Sodium valproate-induced congenital cardiac abnormalities in mice are associated with the inhibition of histone deacetylase

Abstract

Background: Valproic acid, a widely used anticonvulsant drug, is a potent teratogen resulting in various congenital abnormalities. However, the mechanisms underlying valproic acid induced teratogenesis are nor clear. Recent studies indicate that histone deacetylase is a direct target of valproic acid.

Methods: In the present study, we have used histological analysis and RT-PCR assays to examine the cardiac abnormalities in mice treated with sodium valproate (NaVP) and determined the effects of NaVP on histone deacetylase activity and the expression of heart development-related genes in mouse myocardial cells.

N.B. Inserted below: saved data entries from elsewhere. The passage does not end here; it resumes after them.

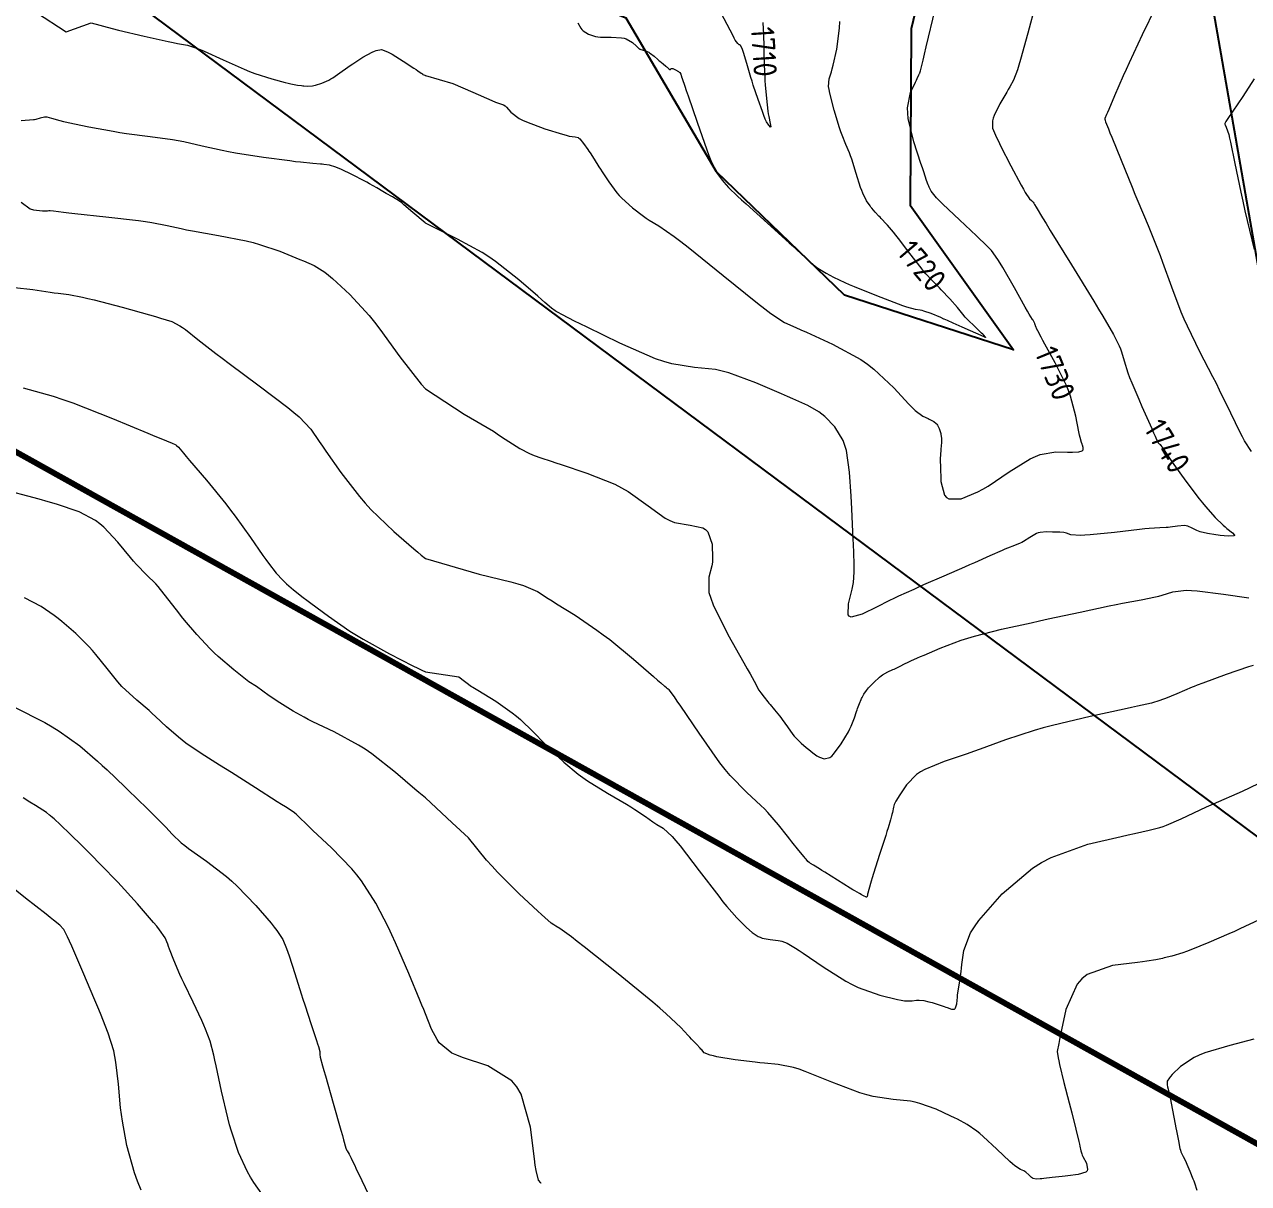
# Model space of a CAD drawing. Header units: millimetres. Extents: x 837477 to 838477, y 1189014 to 1191014.
# Drawn here: x 837934.6 to 838134.3, y 1189918.9 to 1190108 of the extents above; entities that cross this region are included whole.
import ezdxf

# ---------------------------------------------------------------- set-up
doc = ezdxf.new("R2010")
doc.units = ezdxf.units.MM
doc.header["$LTSCALE"] = 0.3
doc.layers.add('CORREDORVIA', color=94, linetype='Continuous', lineweight=80)
doc.layers.add('COTAS 10', color=252, linetype='Continuous', lineweight=9)
doc.layers.add('LINEA_DE_CEROS', color=61, linetype='Continuous')
doc.styles.get("Standard").update_dxf_attribs({"font": 'isocp2.shx', "bigfont": '@extfont2.shx'})

msp = doc.modelspace()

# ---------------------------------------------------------------- linework, layer by layer
at = {"layer": 'CORREDORVIA'}
msp.add_lwpolyline([(838157.033, 1190996.193), (838237.174, 1190821.339), (838237.001, 1190602.875), (838240.031, 1190437.198), (838223.537, 1190366.272), (838184.199, 1189898.277), (837734.304, 1190149.151), (837849.078, 1189569.699), (837751.159, 1189231.384), (837593.191, 1189234.399), (837695.481, 1189679.225), (837660.573, 1189835.358), (837597.737, 1190012.464), (837490.666, 1190492.599), (837964.301, 1190234.408), (838010.155, 1190346.41), (837974.613, 1190516.877), (837969.419, 1190653.334), (837963.574, 1190795.982), (837910.676, 1191000.965)], close=True, dxfattribs=at)
at = {"layer": 'COTAS 10'}
for points in [[(838099.55, 1190111.242), (838098.275, 1190106.576), (838097.097, 1190102.267), (838096.832, 1190101.372), (838096.594, 1190100.605), (838095.954, 1190098.912), (838095.331, 1190097.805), (838095.103, 1190097.409), (838094.852, 1190096.974), (838093.743, 1190095.077), (838092.79, 1190093.157), (838092.636, 1190092.708), (838092.531, 1190092.294), (838092.548, 1190091.095), (838093.206, 1190089.561), (838093.504, 1190088.936), (838093.852, 1190088.224), (838095.529, 1190084.93), (838097.214, 1190081.758), (838097.567, 1190081.124), (838097.871, 1190080.595), (838098.559, 1190079.566), (838098.872, 1190079.273), (838098.94, 1190079.209), (838098.999, 1190079.152), (838099.143, 1190079.006), (838099.272, 1190078.824), (838099.322, 1190078.744), (838099.378, 1190078.651), (838099.629, 1190078.209), (838100.693, 1190076.441), (838101.261, 1190075.513), (838101.947, 1190074.394), (838105.413, 1190068.768), (838109.042, 1190062.852), (838109.831, 1190061.55), (838110.526, 1190060.393), (838112.255, 1190057.431), (838113.205, 1190055.547), (838113.409, 1190055.071), (838113.587, 1190054.615), (838114.013, 1190053.132), (838114.611, 1190051.166), (838114.898, 1190050.406), (838115.236, 1190049.553), (838116.384, 1190046.88), (838116.894, 1190045.691), (838118.505, 1190042.085), (838118.814, 1190041.393), (838119.063, 1190040.834), (838119.467, 1190039.923), (838119.487, 1190039.876), (838119.494, 1190039.861), (838119.502, 1190039.847), (838119.535, 1190039.789), (838119.584, 1190039.724), (838119.601, 1190039.705), (838119.621, 1190039.685), (838119.704, 1190039.607), (838119.805, 1190039.515), (838119.836, 1190039.487), (838119.868, 1190039.456), (838119.992, 1190039.335), (838120.17, 1190039.109), (838120.235, 1190039.013), (838120.308, 1190038.903), (838120.632, 1190038.383), (838121.385, 1190037.26), (838121.73, 1190036.77), (838122.133, 1190036.201), (838124.079, 1190033.498), (838126.233, 1190030.633), (838126.768, 1190029.962), (838127.275, 1190029.344), (838128.881, 1190027.553), (838130.18, 1190026.296), (838130.493, 1190026.015), (838130.785, 1190025.762), (838131.673, 1190025.088), (838132.029, 1190024.707), (838131.986, 1190024.638), (838131.883, 1190024.586), (838130.998, 1190024.532), (838129.698, 1190024.625), (838129.332, 1190024.666), (838128.964, 1190024.713), (838127.612, 1190024.936), (838126.395, 1190025.237), (838126.111, 1190025.333), (838125.85, 1190025.434), (838125.101, 1190025.848), (838124.371, 1190026.168), (838124.123, 1190026.212), (838123.855, 1190026.235), (838122.718, 1190026.156), (838121.505, 1190025.988), (838121.189, 1190025.955), (838120.88, 1190025.929), (838119.836, 1190025.884), (838118.1, 1190025.765), (838117.356, 1190025.691), (838116.498, 1190025.6), (838112.446, 1190025.126), (838108.437, 1190024.712), (838107.605, 1190024.659), (838106.895, 1190024.633), (838105.334, 1190024.761), (838104.585, 1190025.006), (838104.386, 1190025.053), (838104.19, 1190025.092), (838103.511, 1190025.159), (838102.779, 1190025.178), (838102.549, 1190025.186), (838102.307, 1190025.196), (838101.337, 1190025.242), (838100.286, 1190025.134), (838099.994, 1190025.047), (838099.701, 1190024.935), (838098.638, 1190024.324), (838097.604, 1190023.648), (838097.329, 1190023.495), (838097.059, 1190023.357), (838096.126, 1190022.981), (838094.961, 1190022.556), (838094.545, 1190022.386), (838094.089, 1190022.194), (838092.102, 1190021.313), (838089.585, 1190020.181), (838088.794, 1190019.83), (838087.961, 1190019.464), (838084.614, 1190018.009), (838081.281, 1190016.555), (838080.458, 1190016.189), (838079.677, 1190015.839), (838077.216, 1190014.71), (838074.98, 1190013.644), (838074.342, 1190013.334), (838073.695, 1190013.017), (838071.288, 1190011.819), (838069.448, 1190011.323), (838069.158, 1190011.449), (838068.964, 1190011.688), (838069.054, 1190013.503), (838069.629, 1190015.848), (838069.739, 1190016.421), (838069.828, 1190016.962), (838069.974, 1190018.642), (838069.946, 1190020.543), (838069.926, 1190021.222), (838069.9, 1190021.969), (838069.762, 1190025.22), (838069.573, 1190028.956), (838069.514, 1190030.008), (838069.453, 1190031.068), (838069.212, 1190034.963), (838068.688, 1190038.5), (838068.449, 1190039.336), (838068.17, 1190040.109), (838066.822, 1190042.381), (838065.159, 1190044.048), (838064.681, 1190044.441), (838064.196, 1190044.803), (838062.381, 1190045.86), (838059.952, 1190046.948), (838059.08, 1190047.33), (838058.121, 1190047.746), (838053.938, 1190049.541), (838049.516, 1190051.156), (838048.407, 1190051.459), (838047.348, 1190051.7), (838043.938, 1190052.049), (838040.193, 1190052.618), (838038.922, 1190052.997), (838037.55, 1190053.472), (838031.749, 1190055.987), (838026.378, 1190058.607), (838025.276, 1190059.148), (838024.34, 1190059.609), (838022.355, 1190060.605), (838021.541, 1190061.062), (838021.345, 1190061.182), (838021.162, 1190061.3), (838020.605, 1190061.701), (838019.497, 1190062.648), (838018.965, 1190063.109), (838018.337, 1190063.657), (838015.256, 1190066.352), (838011.462, 1190069.35), (838010.384, 1190070.089), (838009.294, 1190070.787), (838005.256, 1190072.978), (838000, 1190075.593), (837999.954, 1190075.629), (837997.981, 1190077.301), (837996.508, 1190078.598), (837996.139, 1190078.892), (837995.786, 1190079.157), (837994.65, 1190079.878), (837993.632, 1190080.426), (837993.354, 1190080.582), (837993.077, 1190080.74), (837992.089, 1190081.328), (837990.883, 1190082.024), (837990.468, 1190082.252), (837990.018, 1190082.494), (837988.102, 1190083.492), (837986.22, 1190084.395), (837985.793, 1190084.578), (837985.406, 1190084.731), (837984.346, 1190085.041), (837983.45, 1190085.153), (837983.167, 1190085.182), (837982.869, 1190085.21), (837981.665, 1190085.305), (837979.634, 1190085.512), (837978.815, 1190085.611), (837977.884, 1190085.729), (837973.595, 1190086.304), (837969.009, 1190087.01), (837967.892, 1190087.21), (837966.841, 1190087.412), (837963.595, 1190088.157), (837960.581, 1190088.85), (837959.676, 1190089.019), (837958.741, 1190089.179), (837955.11, 1190089.672), (837951.247, 1190090.175), (837950.165, 1190090.341), (837949.079, 1190090.517), (837945.11, 1190091.25), (837941.745, 1190091.959), (837941.038, 1190092.121), (837940.429, 1190092.269), (837939.043, 1190092.678), (837938.298, 1190092.871), (837938.094, 1190092.883), (837937.89, 1190092.876), (837937.163, 1190092.699), (837936.449, 1190092.487), (837936.255, 1190092.458), (837936.062, 1190092.441), (837934.066, 1190092.272)], [(837936.588, 1190109.935), (837941.417, 1190106.816), (837945.485, 1190108.254), (837948.884, 1190107.326), (837949.924, 1190107.064), (837954.146, 1190106.079), (837958.017, 1190105.235), (837958.836, 1190105.062), (837959.546, 1190104.916), (837961.198, 1190104.608), (837962.664, 1190104.159), (837963.256, 1190103.923), (837963.929, 1190103.64), (837967.032, 1190102.217), (837970.454, 1190100.685), (837971.329, 1190100.333), (837972.171, 1190100.013), (837974.95, 1190099.117), (837977.153, 1190098.541), (837977.633, 1190098.423), (837978.057, 1190098.323), (837979.117, 1190098.111), (837979.801, 1190098.025), (837979.988, 1190098.005), (837980.173, 1190097.986), (837980.834, 1190097.932), (837981.583, 1190097.979), (837981.824, 1190098.024), (837982.079, 1190098.084), (837983.123, 1190098.415), (837984.269, 1190098.931), (837984.589, 1190099.107), (837984.909, 1190099.297), (837986.075, 1190100.104), (837987.36, 1190101.04), (837987.755, 1190101.311), (837988.168, 1190101.589), (837989.802, 1190102.637), (837991.335, 1190103.491), (837991.684, 1190103.646), (837992.001, 1190103.766), (837992.873, 1190103.905), (837993.815, 1190103.56), (837994.176, 1190103.374), (837994.58, 1190103.15), (837996.401, 1190102.013), (837998.13, 1190100.866), (837998.477, 1190100.634), (837998.766, 1190100.44), (837999.33, 1190100.052), (837999.513, 1190099.921), (837999.56, 1190099.891), (837999.607, 1190099.862), (837999.765, 1190099.778), (837999.894, 1190099.719), (837999.922, 1190099.706), (837999.948, 1190099.695), (838000, 1190099.673), (838004.475, 1190098.392), (838007.749, 1190096.941), (838010.841, 1190095.588), (838011.44, 1190095.336), (838011.928, 1190095.138), (838012.76, 1190094.866), (838013.007, 1190094.735), (838013.126, 1190094.624), (838013.267, 1190094.482), (838013.958, 1190093.702), (838015.313, 1190092.684), (838015.873, 1190092.392), (838016.512, 1190092.095), (838019.485, 1190090.984), (838022.374, 1190090.086), (838022.96, 1190089.923), (838023.453, 1190089.797), (838024.46, 1190089.651), (838024.914, 1190089.545), (838025.058, 1190089.445), (838025.21, 1190089.314), (838025.825, 1190088.585), (838026.495, 1190087.623), (838026.681, 1190087.345), (838026.868, 1190087.062), (838027.547, 1190086), (838028.326, 1190084.767), (838028.576, 1190084.376), (838028.84, 1190083.965), (838029.919, 1190082.301), (838031.227, 1190080.557), (838031.636, 1190080.095), (838032.066, 1190079.642), (838033.789, 1190078.079), (838035.576, 1190076.714), (838036.046, 1190076.385), (838036.506, 1190076.077), (838038.079, 1190075.142), (838040.605, 1190073.419), (838041.666, 1190072.614), (838042.883, 1190071.667), (838048.583, 1190067.063), (838054.207, 1190062.522), (838055.375, 1190061.615), (838056.375, 1190060.86), (838058.583, 1190059.396), (838060.461, 1190058.561), (838061.253, 1190058.202), (838062.163, 1190057.787), (838066.429, 1190055.826), (838071.026, 1190053.324), (838072.144, 1190052.569), (838073.194, 1190051.786), (838076.429, 1190048.733), (838078.859, 1190046.053), (838079.402, 1190045.507), (838079.889, 1190045.044), (838081.179, 1190044.079), (838082.011, 1190043.695), (838082.208, 1190043.599), (838082.392, 1190043.508), (838082.936, 1190043.217), (838083.349, 1190042.884), (838083.45, 1190042.766), (838083.544, 1190042.636), (838083.835, 1190042.076), (838084.043, 1190041.453), (838084.086, 1190041.285), (838084.122, 1190041.118), (838084.196, 1190040.529), (838084.199, 1190039.87), (838084.189, 1190039.66), (838084.174, 1190039.437), (838084.084, 1190038.529), (838084.016, 1190037.15), (838084.016, 1190036.63), (838084.023, 1190036.049), (838084.114, 1190033.454), (838084.707, 1190031.202), (838085.031, 1190030.837), (838085.425, 1190030.585), (838087.422, 1190030.61), (838090.116, 1190031.745), (838090.948, 1190032.192), (838091.818, 1190032.697), (838095.274, 1190035.002), (838098.688, 1190037.136), (838099.531, 1190037.533), (838100.331, 1190037.846), (838102.852, 1190038.278), (838104.788, 1190038.208), (838105.22, 1190038.205), (838105.605, 1190038.21), (838106.62, 1190038.286), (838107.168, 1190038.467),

Results: The experimental data show that NaVP can induce cardiac abnormalities in fetal mice in a dose-dependent manner. NaVP causes a dose-dependent inhibition of hitone deacetylase (HDAC) activity in mouse myocardial cells. However, the expression levels of HDAC (both HDAC1 and HDAC2) are not significantly changed in fetal mouse hearts after administration of NaVP in pregnant mice. The transcriptional levels of other heart development-related genes, such as CHF1, Tbx5 and MEF2, are significantly increased in fetal mouse hearts treated with NaVP.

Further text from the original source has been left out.